Run your agent, per session

For each run, drive your agent on the case prompt, tracing under the run’s sessionId. The platform never runs your agent — it only defines what to evaluate.
3

Export what it produced

When the agent finishes, capture a screenshot and/or its text output and ship it. The run flips to judging.
import { startEvalSession } from "@bryel/evals";

const session = startEvalSession(sessionId, { apiKey: "bkp_…" });
// …run your agent, capture a screenshot…
await session.export({
  images: [screenshotBase64], // base64 (raw or a data: URL)
  outputTexts: [finalAnswer], // optional
});
4

Read the leaderboard

The judge scores each run’s artifact against the suite’s criteria and writes per-criterion pass/fail + reasoning. Compare versions by case and overall on the Evals page, or with bryel_eval_results.
The run must already exist for a sessionId (created in step 1); artifacts attach to a run — they never create one.

Putting it together

A harness that runs a whole suite:
import { startEvalSession } from "@bryel/evals";

// runs[] comes from bryel_start_eval / your API — each has { sessionId, prompt }
for (const r of runs) {
  const session = startEvalSession(r.sessionId, { apiKey: "bkp_…" });
  const out = await runYourAgent(r.prompt, { sessionId: r.sessionId }); // your agent
  await session.export({ images: [out.screenshotBase64], outputTexts: [out.text] });
}

The judge

Each artifact is graded by a multimodal model (the suite picks it) against the case’s criteria. A criterion is binary with a signed weight — positive means desired, negative means harmful (it passes when the harmful thing is absent). The score is the earned points over the sum of positive weights. The judge returns a pass/fail and a one-sentence, artifact-grounded reason per criterion, so a run detail shows exactly why it scored the way it did. Images are optional — a text-only suite grades outputTexts alone. A suite that judges visuals can require an image, in which case a run with no screenshot fails rather than being graded blind.

API

exportEvalSession(options): Promise<{ runId, images }>

Ship an eval session’s artifacts. Attaches them to the run and queues the judge.

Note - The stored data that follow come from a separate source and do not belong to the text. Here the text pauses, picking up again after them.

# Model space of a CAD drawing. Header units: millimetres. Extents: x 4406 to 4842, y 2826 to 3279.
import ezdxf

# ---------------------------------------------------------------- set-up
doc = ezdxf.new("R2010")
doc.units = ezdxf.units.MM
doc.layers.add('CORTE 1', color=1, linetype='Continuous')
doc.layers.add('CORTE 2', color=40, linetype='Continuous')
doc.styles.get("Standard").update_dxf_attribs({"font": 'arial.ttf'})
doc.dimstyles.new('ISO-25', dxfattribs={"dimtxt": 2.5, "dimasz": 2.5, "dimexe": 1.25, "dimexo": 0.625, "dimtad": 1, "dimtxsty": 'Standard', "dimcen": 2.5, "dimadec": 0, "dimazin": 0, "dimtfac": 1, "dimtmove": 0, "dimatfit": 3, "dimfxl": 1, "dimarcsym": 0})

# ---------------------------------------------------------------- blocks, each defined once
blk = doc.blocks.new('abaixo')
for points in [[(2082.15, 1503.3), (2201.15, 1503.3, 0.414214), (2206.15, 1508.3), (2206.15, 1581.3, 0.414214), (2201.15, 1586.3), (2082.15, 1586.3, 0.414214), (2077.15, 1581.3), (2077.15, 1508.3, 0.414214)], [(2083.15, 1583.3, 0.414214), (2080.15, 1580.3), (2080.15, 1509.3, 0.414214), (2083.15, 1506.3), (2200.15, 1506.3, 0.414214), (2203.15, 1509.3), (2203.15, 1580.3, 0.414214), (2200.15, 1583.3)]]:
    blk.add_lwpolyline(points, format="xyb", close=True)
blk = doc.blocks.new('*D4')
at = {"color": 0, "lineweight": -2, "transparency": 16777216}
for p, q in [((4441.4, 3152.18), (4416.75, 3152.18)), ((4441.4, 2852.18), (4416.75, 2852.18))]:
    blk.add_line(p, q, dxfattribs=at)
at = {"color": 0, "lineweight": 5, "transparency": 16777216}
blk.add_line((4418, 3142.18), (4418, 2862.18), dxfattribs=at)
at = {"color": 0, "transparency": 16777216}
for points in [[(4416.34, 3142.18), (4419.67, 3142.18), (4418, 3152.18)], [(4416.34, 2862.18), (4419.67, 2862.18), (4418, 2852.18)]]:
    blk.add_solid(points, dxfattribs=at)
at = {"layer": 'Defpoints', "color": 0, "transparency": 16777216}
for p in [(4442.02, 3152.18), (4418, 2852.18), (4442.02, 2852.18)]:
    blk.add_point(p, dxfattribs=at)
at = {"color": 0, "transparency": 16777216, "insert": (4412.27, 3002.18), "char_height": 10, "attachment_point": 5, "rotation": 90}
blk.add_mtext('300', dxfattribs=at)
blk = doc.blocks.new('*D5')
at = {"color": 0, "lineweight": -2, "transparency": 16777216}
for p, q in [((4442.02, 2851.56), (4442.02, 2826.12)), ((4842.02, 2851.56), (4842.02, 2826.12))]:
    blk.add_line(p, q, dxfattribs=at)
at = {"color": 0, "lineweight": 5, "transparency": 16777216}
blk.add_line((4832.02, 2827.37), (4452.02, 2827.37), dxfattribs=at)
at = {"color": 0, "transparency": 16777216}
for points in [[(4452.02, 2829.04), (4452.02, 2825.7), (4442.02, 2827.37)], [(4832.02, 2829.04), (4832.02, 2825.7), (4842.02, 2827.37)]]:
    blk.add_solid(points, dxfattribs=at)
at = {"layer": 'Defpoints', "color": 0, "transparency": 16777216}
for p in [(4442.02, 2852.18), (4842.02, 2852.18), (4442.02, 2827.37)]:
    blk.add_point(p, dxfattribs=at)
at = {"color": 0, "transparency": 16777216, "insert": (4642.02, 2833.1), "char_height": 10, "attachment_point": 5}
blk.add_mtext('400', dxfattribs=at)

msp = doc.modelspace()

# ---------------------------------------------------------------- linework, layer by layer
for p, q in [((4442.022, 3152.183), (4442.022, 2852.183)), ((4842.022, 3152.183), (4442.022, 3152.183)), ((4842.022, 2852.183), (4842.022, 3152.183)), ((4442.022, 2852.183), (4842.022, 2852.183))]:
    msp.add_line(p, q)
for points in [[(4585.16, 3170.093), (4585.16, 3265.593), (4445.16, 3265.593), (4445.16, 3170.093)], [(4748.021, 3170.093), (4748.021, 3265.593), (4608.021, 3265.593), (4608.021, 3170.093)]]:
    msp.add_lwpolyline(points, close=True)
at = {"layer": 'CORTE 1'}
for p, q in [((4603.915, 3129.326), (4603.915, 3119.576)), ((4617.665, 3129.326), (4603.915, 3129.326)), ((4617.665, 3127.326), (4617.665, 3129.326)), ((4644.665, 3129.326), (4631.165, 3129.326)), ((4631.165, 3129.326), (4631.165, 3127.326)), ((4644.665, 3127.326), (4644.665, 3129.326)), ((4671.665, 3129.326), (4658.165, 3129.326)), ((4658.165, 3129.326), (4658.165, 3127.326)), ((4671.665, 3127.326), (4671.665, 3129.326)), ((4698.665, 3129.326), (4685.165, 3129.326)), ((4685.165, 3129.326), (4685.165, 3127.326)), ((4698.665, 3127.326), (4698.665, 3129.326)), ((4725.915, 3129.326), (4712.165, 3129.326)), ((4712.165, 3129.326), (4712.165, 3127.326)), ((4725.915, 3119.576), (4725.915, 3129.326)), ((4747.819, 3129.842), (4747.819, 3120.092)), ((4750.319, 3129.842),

startEvalSession(sessionId, options): EvalSession

Bind (apiKey, sessionId) and return a handle whose export(artifacts) calls exportEvalSession — the ergonomic form.

Options

apiKey
string
required
An ingest key — a publishable bkp_… in the browser (write-only, origin-locked) or any ingest key server-side.
sessionId
string
required
The eval task’s session id — must match a run you created.
images
string[]
Screenshots as base64 (raw or a data: URL). The app encodes; the SDK ships bytes.
outputTexts
string[]
Text outputs the agent produced.
endpoint
string
default:"https://ingest.eu.bryel.ai/v1/evals/artifacts"
Ingest endpoint. Override for self-hosting.
In the browser, use a publishable bkp_ key — never a secret bk_ key.